“姑娘,姑娘!”
六子见状不好,扔下手中的汤药,撒腿跑去找沈渭行。
沈渭行及时赶到,施针让慕容月清醒了过来,六子和阿福这才松了口气。
阿福埋怨自己道:“都怪阿福,阿福早知如此,说什么也应该守在姑娘身边的!”
“是姑娘我让阿福去睡一觉,都已经连续多日没合眼了,阿福莫要怪罪自己!”慕容月劝着阿福,眼底尽是不舍。

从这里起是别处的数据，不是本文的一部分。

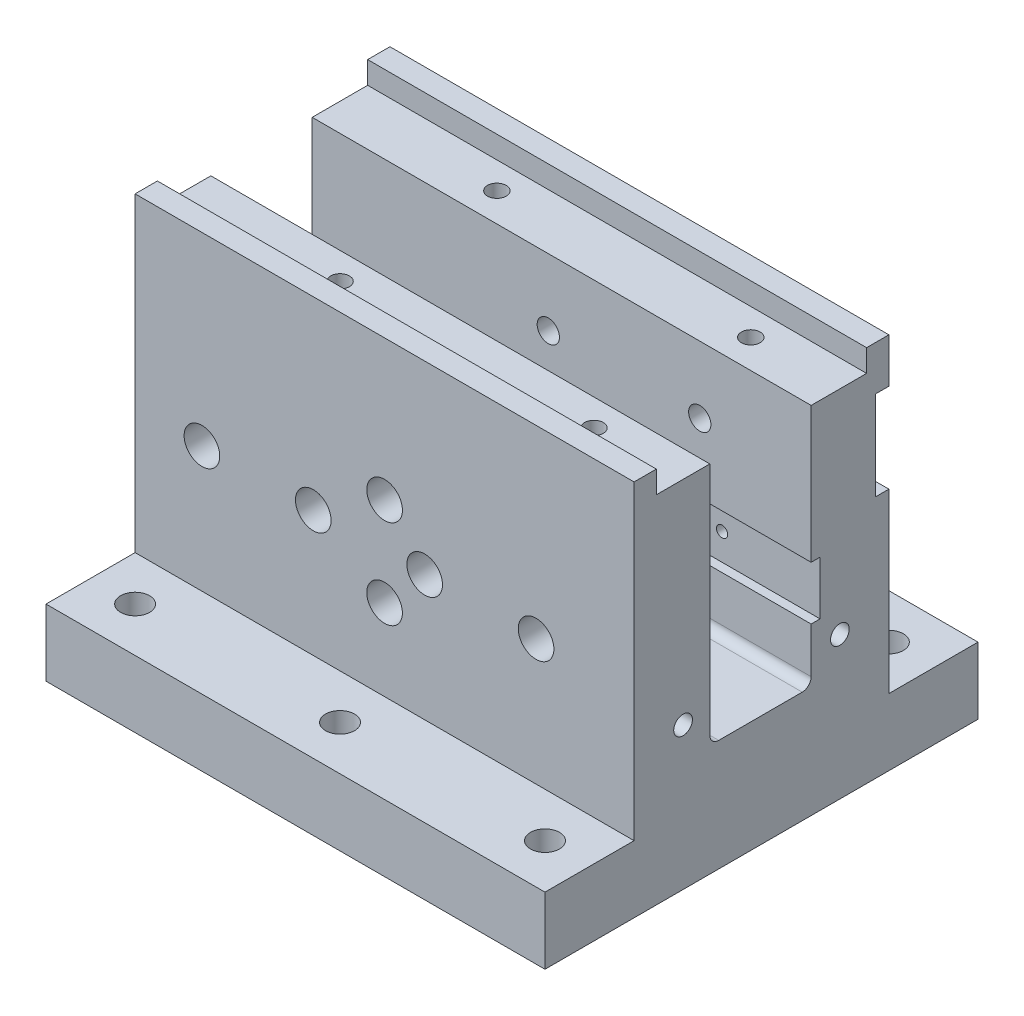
ISO-10303-21;
HEADER;
FILE_DESCRIPTION(('STEP AP214'),'2;1');
FILE_NAME('part.step','',(''),(''),'','','');
FILE_SCHEMA(('AUTOMOTIVE_DESIGN { 1 0 10303 214 1 1 1 1 }'));
ENDSEC;
DATA;
#1=APPLICATION_CONTEXT('core data for automotive mechanical design processes');
#2=APPLICATION_PROTOCOL_DEFINITION('international standard','automotive_design',2000,#1);
#3=PRODUCT_CONTEXT('',#1,'mechanical');
#4=PRODUCT('Part','Part','',(#3));
#5=PRODUCT_RELATED_PRODUCT_CATEGORY('part','',(#4));
#6=PRODUCT_DEFINITION_FORMATION('','',#4);
#7=PRODUCT_DEFINITION_CONTEXT('part definition',#1,'design');
#8=PRODUCT_DEFINITION('design','',#6,#7);
#9=PRODUCT_DEFINITION_SHAPE('','',#8);
#10=(LENGTH_UNIT() NAMED_UNIT(*) SI_UNIT(.MILLI.,.METRE.));
#11=(NAMED_UNIT(*) PLANE_ANGLE_UNIT() SI_UNIT($,.RADIAN.));
#12=(NAMED_UNIT(*) SI_UNIT($,.STERADIAN.) SOLID_ANGLE_UNIT());
#13=UNCERTAINTY_MEASURE_WITH_UNIT(LENGTH_MEASURE(1.E-05),#10,'distance_accuracy_value','');
#14=(GEOMETRIC_REPRESENTATION_CONTEXT(3) GLOBAL_UNCERTAINTY_ASSIGNED_CONTEXT((#13)) GLOBAL_UNIT_ASSIGNED_CONTEXT((#10,
#11,#12)) REPRESENTATION_CONTEXT('',''));
#15=CARTESIAN_POINT('',(0.,0.,0.));
#16=DIRECTION('',(0.,0.,1.));
#17=DIRECTION('',(1.,0.,0.));
#18=AXIS2_PLACEMENT_3D('',#15,#16,#17);
#19=CARTESIAN_POINT('',(0.,0.,97.2));
#20=DIRECTION('',(1.,0.,0.));
#21=DIRECTION('',(0.,0.,-1.));
#22=AXIS2_PLACEMENT_3D('',#19,#20,#21);
#23=PLANE('',#22);
#24=DIRECTION('',(0.,1.,0.));
#25=VECTOR('',#24,1.);
#26=CARTESIAN_POINT('',(0.,74.7400000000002,20.0000000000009));
#27=LINE('',#26,#25);
#28=CARTESIAN_POINT('',(0.,74.7400000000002,20.0000000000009));
#29=VERTEX_POINT('',#28);
#30=CARTESIAN_POINT('',(0.,84.7400000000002,20.0000000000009));
#31=VERTEX_POINT('',#30);
#32=EDGE_CURVE('E252',#29,#31,#27,.T.);
#33=ORIENTED_EDGE('',*,*,#32,.F.);
#34=DIRECTION('',(0.,0.,-1.));
#35=VECTOR('',#34,1.);
#36=CARTESIAN_POINT('',(0.,74.7400000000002,23.0000000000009));
#37=LINE('',#36,#35);
#38=CARTESIAN_POINT('',(0.,74.7400000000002,23.0000000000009));
#39=VERTEX_POINT('',#38);
#40=EDGE_CURVE('E249',#39,#29,#37,.T.);
#41=ORIENTED_EDGE('',*,*,#40,.F.);
#42=DIRECTION('',(0.,1.,0.));
#43=VECTOR('',#42,1.);
#44=CARTESIAN_POINT('',(0.,54.7400000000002,23.0000000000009));
#45=LINE('',#44,#43);
#46=CARTESIAN_POINT('',(0.,54.7400000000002,23.0000000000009));
#47=VERTEX_POINT('',#46);
#48=EDGE_CURVE('E246',#47,#39,#45,.T.);
#49=ORIENTED_EDGE('',*,*,#48,.F.);
#50=DIRECTION('',(0.,0.,1.));
#51=VECTOR('',#50,1.);
#52=CARTESIAN_POINT('',(0.,54.7400000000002,23.0000000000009));
#53=LINE('',#52,#51);
#54=CARTESIAN_POINT('',(0.,54.7400000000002,20.0000000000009));
#55=VERTEX_POINT('',#54);
#56=EDGE_CURVE('E243',#55,#47,#53,.T.);
#57=ORIENTED_EDGE('',*,*,#56,.F.);
#58=DIRECTION('',(0.,1.,0.));
#59=VECTOR('',#58,1.);
#60=CARTESIAN_POINT('',(0.,15.,20.0000000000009));
#61=LINE('',#60,#59);
#62=CARTESIAN_POINT('',(0.,15.,20.0000000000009));
#63=VERTEX_POINT('',#62);
#64=EDGE_CURVE('E240',#63,#55,#61,.T.);
#65=ORIENTED_EDGE('',*,*,#64,.F.);
#66=DIRECTION('',(0.,0.,1.));
#67=VECTOR('',#66,1.);
#68=CARTESIAN_POINT('',(0.,15.,20.0000000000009));
#69=LINE('',#68,#67);
#70=CARTESIAN_POINT('',(0.,15.,0.));
#71=VERTEX_POINT('',#70);
#72=EDGE_CURVE('E237',#71,#63,#69,.T.);
#73=ORIENTED_EDGE('',*,*,#72,.F.);
#74=DIRECTION('',(0.,-1.,0.));
#75=VECTOR('',#74,1.);
#76=CARTESIAN_POINT('',(0.,0.,0.));
#77=LINE('',#76,#75);
#78=CARTESIAN_POINT('',(0.,0.,0.));
#79=VERTEX_POINT('',#78);
#80=EDGE_CURVE('E346',#71,#79,#77,.T.);
#81=ORIENTED_EDGE('',*,*,#80,.T.);
#82=DIRECTION('',(0.,0.,-1.));
#83=VECTOR('',#82,1.);
#84=CARTESIAN_POINT('',(0.,0.,97.2));
#85=LINE('',#84,#83);
#86=CARTESIAN_POINT('',(0.,0.,97.2));
#87=VERTEX_POINT('',#86);
#88=EDGE_CURVE('E12',#87,#79,#85,.T.);
#89=ORIENTED_EDGE('',*,*,#88,.F.);
#90=DIRECTION('',(0.,-1.,0.));
#91=VECTOR('',#90,1.);
#92=CARTESIAN_POINT('',(0.,0.,97.2));
#93=LINE('',#92,#91);
#94=CARTESIAN_POINT('',(0.,15.,97.2));
#95=VERTEX_POINT('',#94);
#96=EDGE_CURVE('E393',#95,#87,#93,.T.);
#97=ORIENTED_EDGE('',*,*,#96,.F.);
#98=DIRECTION('',(0.,0.,1.));
#99=VECTOR('',#98,1.);
#100=CARTESIAN_POINT('',(0.,15.,97.1999999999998));
#101=LINE('',#100,#99);
#102=CARTESIAN_POINT('',(0.,15.,77.1999999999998));
#103=VERTEX_POINT('',#102);
#104=EDGE_CURVE('E57',#103,#95,#101,.T.);
#105=ORIENTED_EDGE('',*,*,#104,.F.);
#106=DIRECTION('',(0.,-1.,0.));
#107=VECTOR('',#106,1.);
#108=CARTESIAN_POINT('',(0.,15.,77.1999999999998));
#109=LINE('',#108,#107);
#110=CARTESIAN_POINT('',(0.,84.7400000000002,77.1999999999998));
#111=VERTEX_POINT('',#110);
#112=EDGE_CURVE('E230',#111,#103,#109,.T.);
#113=ORIENTED_EDGE('',*,*,#112,.F.);
#114=DIRECTION('',(0.,0.,-1.));
#115=VECTOR('',#114,1.);
#116=CARTESIAN_POINT('',(0.,84.7400000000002,97.2));
#117=LINE('',#116,#115);
#118=CARTESIAN_POINT('',(0.,84.7400000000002,72.1999999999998));
#119=VERTEX_POINT('',#118);
#120=EDGE_CURVE('E229',#111,#119,#117,.T.);
#121=ORIENTED_EDGE('',*,*,#120,.T.);
#122=DIRECTION('',(0.,1.,0.));
#123=VECTOR('',#122,1.);
#124=CARTESIAN_POINT('',(0.,79.7400000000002,72.1999999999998));
#125=LINE('',#124,#123);
#126=CARTESIAN_POINT('',(0.,79.7400000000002,72.1999999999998));
#127=VERTEX_POINT('',#126);
#128=EDGE_CURVE('E49',#127,#119,#125,.T.);
#129=ORIENTED_EDGE('',*,*,#128,.F.);
#130=DIRECTION('',(0.,0.,1.));
#131=VECTOR('',#130,1.);
#132=CARTESIAN_POINT('',(0.,79.7400000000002,72.1999999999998));
#133=LINE('',#132,#131);
#134=CARTESIAN_POINT('',(0.,79.7400000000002,60.1999999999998));
#135=VERTEX_POINT('',#134);
#136=EDGE_CURVE('E217',#135,#127,#133,.T.);
#137=ORIENTED_EDGE('',*,*,#136,.F.);
#138=DIRECTION('',(0.,1.,0.));
#139=VECTOR('',#138,1.);
#140=CARTESIAN_POINT('',(0.,26.9999999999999,60.1999999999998));
#141=LINE('',#140,#139);
#142=CARTESIAN_POINT('',(0.,26.9999999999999,60.1999999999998));
#143=VERTEX_POINT('',#142);
#144=EDGE_CURVE('E214',#143,#135,#141,.T.);
#145=ORIENTED_EDGE('',*,*,#144,.F.);
#146=CARTESIAN_POINT('',(0.,26.9999999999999,58.1999999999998));
#147=DIRECTION('',(-1.,0.,0.));
#148=DIRECTION('',(0.,0.,-1.));
#149=AXIS2_PLACEMENT_3D('',#146,#147,#148);
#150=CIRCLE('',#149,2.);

“王爷方才不是还陪着姑娘吗?姑娘怎会一人昏倒在房间?”
慕容月不言语,只是头转向了一侧,为了挡住那颗滑落下的泪珠。
见姑娘不回答,六子也就便懂了几分,除了那璃国的公主,再没人能将王爷从姑娘的房里拉出去了!
还好六子的及时发现,慕容月也算了又度过一劫,所有人都庆幸,可唯有一人,并不是劫后余生。
“为何?老天为何还要让我如此苟活于世,何不让我一死了知,为何要让我成为最大的累赘连累身边我所珍惜的人!”慕容月埋怨上天不公。
慕容月此时已经是求生不得,求死不能…
第二日,沈渭行请来了慕容钰,和熟悉的人多聊聊天,或许能减轻些慕容月的痛苦。
果然,慕容钰来了,慕容月变得比平日里精神了些,同她说了许多话。
“阿钰,我这副将死的身子,已经不能再为慕容家做什么了,恐怕要让你们失望了!”
慕容月一脸愧疚,虽然她知道自己在父亲,在慕容家人的眼里只是利益的枢纽,攀上皇室的棋子,但终究也算是辜负了他们的期望,不知为何,慕容月竟觉得有些对不起他们。
“眼下不是阿月想这些的时候,当前最紧要的还是阿月要照顾好自己的身体,否则一切都是空谈!”
慕容钰摸了摸慕容月的头,安慰着她,眼底尽是不舍。见慕容月紧蹙的眉毛不曾放松,思考片刻,慕容钰又开口道:
“阿月已经为慕容家做的够多了,慕容家的女儿能做到大胤将军,摄政王军师,已是无上荣耀,我与父亲都知道你尽力了,阿月莫要再埋怨自己!”
慕容月不回答,只是一直低着头,还想说些什么,却一副难开口的样子。
“阿福姑娘,可否给我倒杯热茶?一路赶来,口渴的很。”慕容钰朝着阿福说道。
“是是,阿福这就去。”在一旁一直守着慕容月的阿福这才反应过来,匆匆出了房门为慕容钰烧茶。
见阿福走远了,慕容钰从胸前掏出了一个精致小盒子,神情严肃,拿在手里似乎还犹豫了片刻,而后递给了慕容月,盯着慕容月的眼睛,开口道:
“这是我能为阿月做的最后一件事情!盒子里装的是一颗药丸,药效快,吃下后无痛无感,但是阿月一定要答应我,这药丸只能在你极其痛苦的时候,才能吃下去,吃了便再也没有回头路了!”
慕容月接过那盒子,又看了眼慕容钰,以同样严肃的神情,点了点头。
慕容月明白他的意思,便随即将药丸藏了起来。